张村坐落于大山深处,几道沟壑和一条清水河把整个村庄切割得七零八落,像高硷石畔、巴彦塔拉沟、前张村、后张村,仿佛成了几个独立的王国。张村人爱植树,种植的尽是榆树、槐树、桃树、杏树、枣树、海红果树。每当春天来临,家家户户的窑洞房舍都隐没在绿林深处。

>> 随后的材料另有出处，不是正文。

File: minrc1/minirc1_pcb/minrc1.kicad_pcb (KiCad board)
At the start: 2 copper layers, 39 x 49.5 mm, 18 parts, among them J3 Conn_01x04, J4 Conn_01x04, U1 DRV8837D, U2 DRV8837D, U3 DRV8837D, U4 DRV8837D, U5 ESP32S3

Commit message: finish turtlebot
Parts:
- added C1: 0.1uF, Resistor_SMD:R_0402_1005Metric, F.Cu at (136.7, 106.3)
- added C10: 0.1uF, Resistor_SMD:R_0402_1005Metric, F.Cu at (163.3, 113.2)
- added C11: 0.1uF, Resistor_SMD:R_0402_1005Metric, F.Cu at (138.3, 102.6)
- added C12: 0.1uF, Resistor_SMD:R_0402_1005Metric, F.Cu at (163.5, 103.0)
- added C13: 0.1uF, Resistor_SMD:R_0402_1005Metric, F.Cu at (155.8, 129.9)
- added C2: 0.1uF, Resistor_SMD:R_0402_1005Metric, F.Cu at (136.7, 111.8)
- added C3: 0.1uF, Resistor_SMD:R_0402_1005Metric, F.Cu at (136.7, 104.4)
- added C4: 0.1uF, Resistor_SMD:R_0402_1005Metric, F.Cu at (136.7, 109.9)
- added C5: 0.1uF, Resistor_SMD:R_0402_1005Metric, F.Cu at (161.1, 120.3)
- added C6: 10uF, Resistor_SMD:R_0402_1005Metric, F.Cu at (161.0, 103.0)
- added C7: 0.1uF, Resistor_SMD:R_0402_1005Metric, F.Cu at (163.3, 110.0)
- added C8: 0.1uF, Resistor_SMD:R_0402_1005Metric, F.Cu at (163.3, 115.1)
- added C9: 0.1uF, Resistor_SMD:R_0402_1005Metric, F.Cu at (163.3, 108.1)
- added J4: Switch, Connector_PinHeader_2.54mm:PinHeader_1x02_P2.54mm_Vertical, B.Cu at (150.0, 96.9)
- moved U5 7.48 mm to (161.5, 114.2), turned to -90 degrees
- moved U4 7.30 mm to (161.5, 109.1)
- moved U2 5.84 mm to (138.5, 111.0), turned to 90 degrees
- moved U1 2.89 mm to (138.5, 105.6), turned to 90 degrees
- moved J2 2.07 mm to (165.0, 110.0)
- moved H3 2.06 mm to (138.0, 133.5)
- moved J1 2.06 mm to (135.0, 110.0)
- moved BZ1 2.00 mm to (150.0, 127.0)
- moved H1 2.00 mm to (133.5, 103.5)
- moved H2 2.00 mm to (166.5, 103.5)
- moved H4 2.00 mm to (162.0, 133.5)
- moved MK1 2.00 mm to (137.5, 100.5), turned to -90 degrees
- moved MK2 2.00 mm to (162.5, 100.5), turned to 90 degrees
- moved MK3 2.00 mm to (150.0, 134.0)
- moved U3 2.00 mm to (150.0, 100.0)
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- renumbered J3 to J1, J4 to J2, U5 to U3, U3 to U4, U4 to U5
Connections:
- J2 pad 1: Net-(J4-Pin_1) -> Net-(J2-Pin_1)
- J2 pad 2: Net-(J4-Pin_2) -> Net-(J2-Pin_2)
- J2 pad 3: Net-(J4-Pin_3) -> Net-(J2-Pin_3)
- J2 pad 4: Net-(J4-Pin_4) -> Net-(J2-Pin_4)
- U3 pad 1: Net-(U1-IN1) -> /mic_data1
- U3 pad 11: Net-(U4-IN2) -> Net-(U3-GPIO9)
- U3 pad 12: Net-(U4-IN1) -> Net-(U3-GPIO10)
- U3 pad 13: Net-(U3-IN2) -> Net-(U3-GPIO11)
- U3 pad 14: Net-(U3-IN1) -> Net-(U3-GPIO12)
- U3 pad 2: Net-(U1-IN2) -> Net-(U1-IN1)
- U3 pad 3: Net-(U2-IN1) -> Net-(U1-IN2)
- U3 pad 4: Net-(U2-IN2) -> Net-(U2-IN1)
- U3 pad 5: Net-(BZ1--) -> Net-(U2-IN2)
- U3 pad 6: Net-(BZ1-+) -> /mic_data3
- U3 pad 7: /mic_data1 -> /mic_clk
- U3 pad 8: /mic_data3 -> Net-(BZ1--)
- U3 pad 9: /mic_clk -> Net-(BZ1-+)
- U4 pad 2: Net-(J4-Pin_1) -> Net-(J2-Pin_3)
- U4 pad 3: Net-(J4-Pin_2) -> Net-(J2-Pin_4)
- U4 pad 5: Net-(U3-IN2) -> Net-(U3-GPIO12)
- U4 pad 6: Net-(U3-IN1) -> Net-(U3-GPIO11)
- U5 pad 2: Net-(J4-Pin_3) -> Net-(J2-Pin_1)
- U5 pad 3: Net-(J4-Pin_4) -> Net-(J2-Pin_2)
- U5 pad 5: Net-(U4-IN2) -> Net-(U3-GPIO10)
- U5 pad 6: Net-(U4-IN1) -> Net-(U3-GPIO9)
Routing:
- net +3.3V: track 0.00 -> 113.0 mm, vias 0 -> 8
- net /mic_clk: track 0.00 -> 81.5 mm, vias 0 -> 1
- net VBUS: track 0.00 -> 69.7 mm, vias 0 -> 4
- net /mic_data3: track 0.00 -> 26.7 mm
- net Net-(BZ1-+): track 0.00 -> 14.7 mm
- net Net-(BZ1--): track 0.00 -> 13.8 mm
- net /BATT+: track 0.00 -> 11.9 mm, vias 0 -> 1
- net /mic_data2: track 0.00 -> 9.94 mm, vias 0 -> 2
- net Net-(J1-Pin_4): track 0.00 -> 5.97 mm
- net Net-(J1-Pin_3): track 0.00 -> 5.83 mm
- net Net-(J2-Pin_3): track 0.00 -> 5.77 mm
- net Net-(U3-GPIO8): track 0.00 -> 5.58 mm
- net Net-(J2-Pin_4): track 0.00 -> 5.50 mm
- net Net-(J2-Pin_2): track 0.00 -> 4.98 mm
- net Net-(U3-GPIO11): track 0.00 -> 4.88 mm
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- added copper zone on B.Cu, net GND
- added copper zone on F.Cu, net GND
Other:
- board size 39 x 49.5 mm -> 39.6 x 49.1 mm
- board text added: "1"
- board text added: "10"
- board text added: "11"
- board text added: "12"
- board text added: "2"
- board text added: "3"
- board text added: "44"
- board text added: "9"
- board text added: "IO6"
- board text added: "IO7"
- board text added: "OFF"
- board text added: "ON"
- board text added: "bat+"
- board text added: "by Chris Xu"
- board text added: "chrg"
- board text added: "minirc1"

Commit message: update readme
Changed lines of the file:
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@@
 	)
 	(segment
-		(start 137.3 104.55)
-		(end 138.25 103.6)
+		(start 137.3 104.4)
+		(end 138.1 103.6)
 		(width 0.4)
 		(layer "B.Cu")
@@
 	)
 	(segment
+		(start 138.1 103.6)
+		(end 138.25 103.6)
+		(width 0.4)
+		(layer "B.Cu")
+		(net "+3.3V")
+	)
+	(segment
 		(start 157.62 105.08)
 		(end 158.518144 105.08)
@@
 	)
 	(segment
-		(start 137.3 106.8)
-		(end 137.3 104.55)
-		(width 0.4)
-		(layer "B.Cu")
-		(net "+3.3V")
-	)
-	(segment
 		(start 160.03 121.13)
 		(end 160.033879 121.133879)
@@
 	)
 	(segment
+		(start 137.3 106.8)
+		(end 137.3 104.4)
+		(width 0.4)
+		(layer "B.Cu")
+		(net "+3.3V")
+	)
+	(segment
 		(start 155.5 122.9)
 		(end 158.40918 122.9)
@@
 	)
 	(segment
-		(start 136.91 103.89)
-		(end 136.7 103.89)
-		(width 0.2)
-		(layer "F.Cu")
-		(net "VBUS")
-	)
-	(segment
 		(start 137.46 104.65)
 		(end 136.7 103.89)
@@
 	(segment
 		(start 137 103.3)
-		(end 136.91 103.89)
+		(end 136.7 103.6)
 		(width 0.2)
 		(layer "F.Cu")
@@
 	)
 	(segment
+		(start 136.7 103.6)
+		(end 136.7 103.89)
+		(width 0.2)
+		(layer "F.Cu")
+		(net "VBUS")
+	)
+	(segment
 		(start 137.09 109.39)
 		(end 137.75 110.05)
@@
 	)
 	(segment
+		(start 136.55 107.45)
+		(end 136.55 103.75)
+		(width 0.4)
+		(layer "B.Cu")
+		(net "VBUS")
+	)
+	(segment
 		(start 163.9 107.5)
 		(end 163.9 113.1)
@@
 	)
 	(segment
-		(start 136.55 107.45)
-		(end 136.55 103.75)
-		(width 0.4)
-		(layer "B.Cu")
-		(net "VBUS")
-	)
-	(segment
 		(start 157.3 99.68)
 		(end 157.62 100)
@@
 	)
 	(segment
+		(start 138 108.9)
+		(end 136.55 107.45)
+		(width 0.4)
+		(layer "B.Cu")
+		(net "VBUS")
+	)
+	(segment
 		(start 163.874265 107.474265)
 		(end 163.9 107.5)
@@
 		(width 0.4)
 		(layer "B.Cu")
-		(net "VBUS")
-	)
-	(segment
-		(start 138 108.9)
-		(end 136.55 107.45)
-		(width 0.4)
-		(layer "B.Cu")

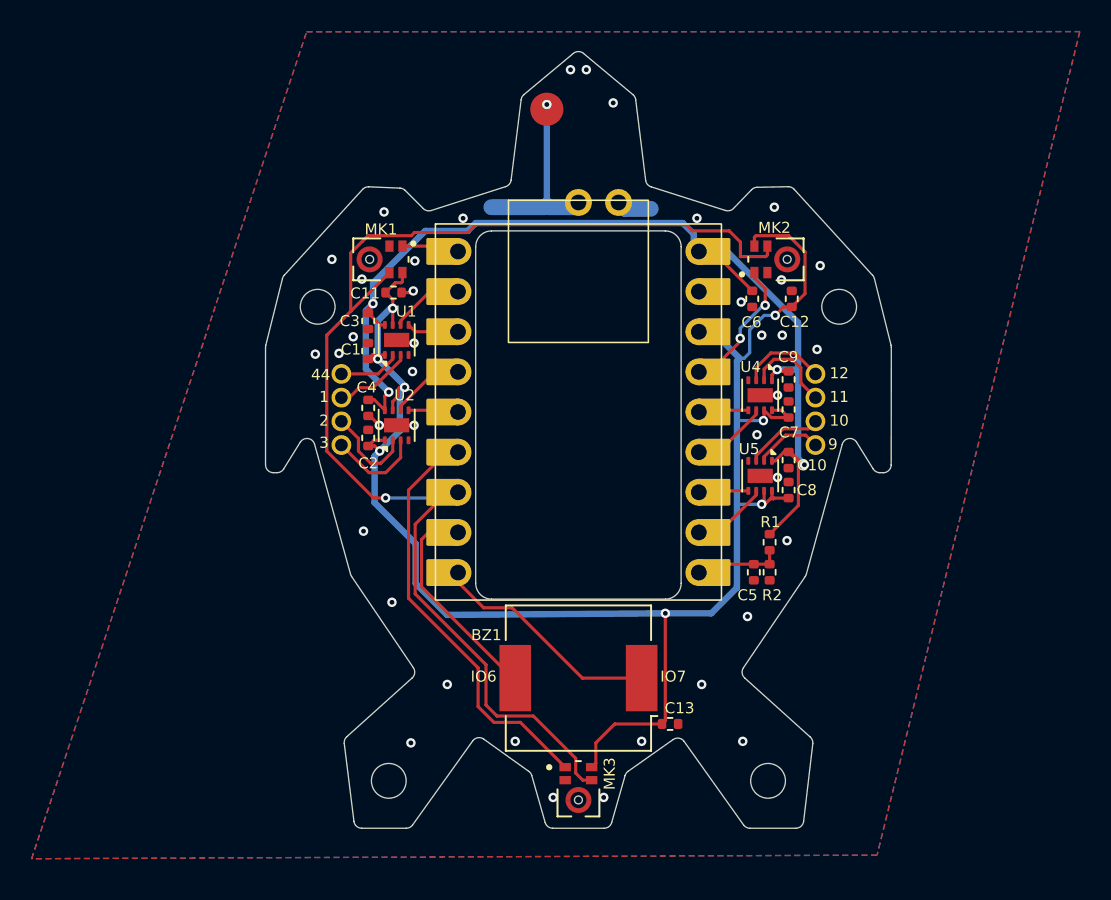
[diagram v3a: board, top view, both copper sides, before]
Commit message: stepper gui and audio
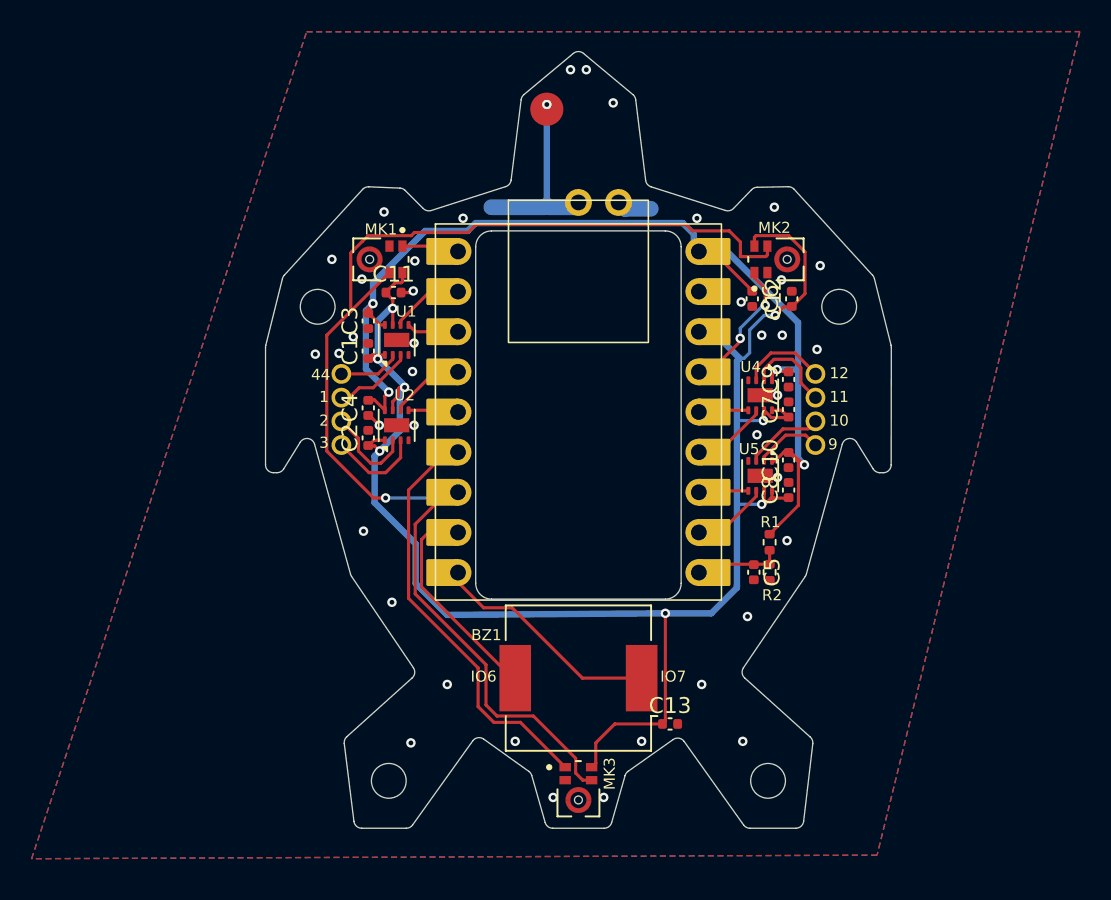
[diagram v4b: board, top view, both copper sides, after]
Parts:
- removed REF**: 3.7V_220mah_lipo_battery, minirc1:3.7V_220mah_lipo_battery
- C1, C10, C11, C12, C13, C2, C3, C4, C5, C6, C7, C8, C9: footprint Resistor_SMD:R_0402_1005Metric -> Capacitor_SMD:C_0402_1005Metric

尽管张尕贵极力想挽留住大儿子,说等到了仲春,等到桃花、杏花、槐花和海红果花全部开了,成群结队的鸟雀就会飞回来,到时候张村人的日子就容易多了;尽管张氏族长张老太爷每次在祠堂里训话时,都要自豪地给张姓后人普及一遍地理知识,告诉他们张村可是一块风水宝地,地处秦、晋、蒙三省接壤地带,可鸡鸣闻三省,最难得的是还临着一条大河,江村与望村就没有咱这个便利条件,可张向前仍然义无反顾地走了。耳聪目明的张向前走在瞎子说书队伍最前面,用一根长棍牵着他的师傅,他的师傅身后跟着老伴,老伴身后跟着别的说书师傅,四五个人牵成长长的一线队伍,渐渐变成一线黑点,走出了张村人的视野。
张向前去学说书这件事在张村掀起了轩然大波,张村人这下气可不大平了。闹饥荒谁不饿肚子,就你张尕贵家能出幺蛾子?饿死事小,失节事大,咱人穷,但得有志气。你家孩子耳聪目明出去说书,丢的可是咱张家人的脸,咱张村全村人的脸。张家户族里几位管事的元老气得够呛,山羊胡子气得朝天翘了起来,不得不出面去高硷石畔摆平这件事。张向前这回闹得动静可真不小,连很少抛头露面的族长张老太爷也亲自出马了。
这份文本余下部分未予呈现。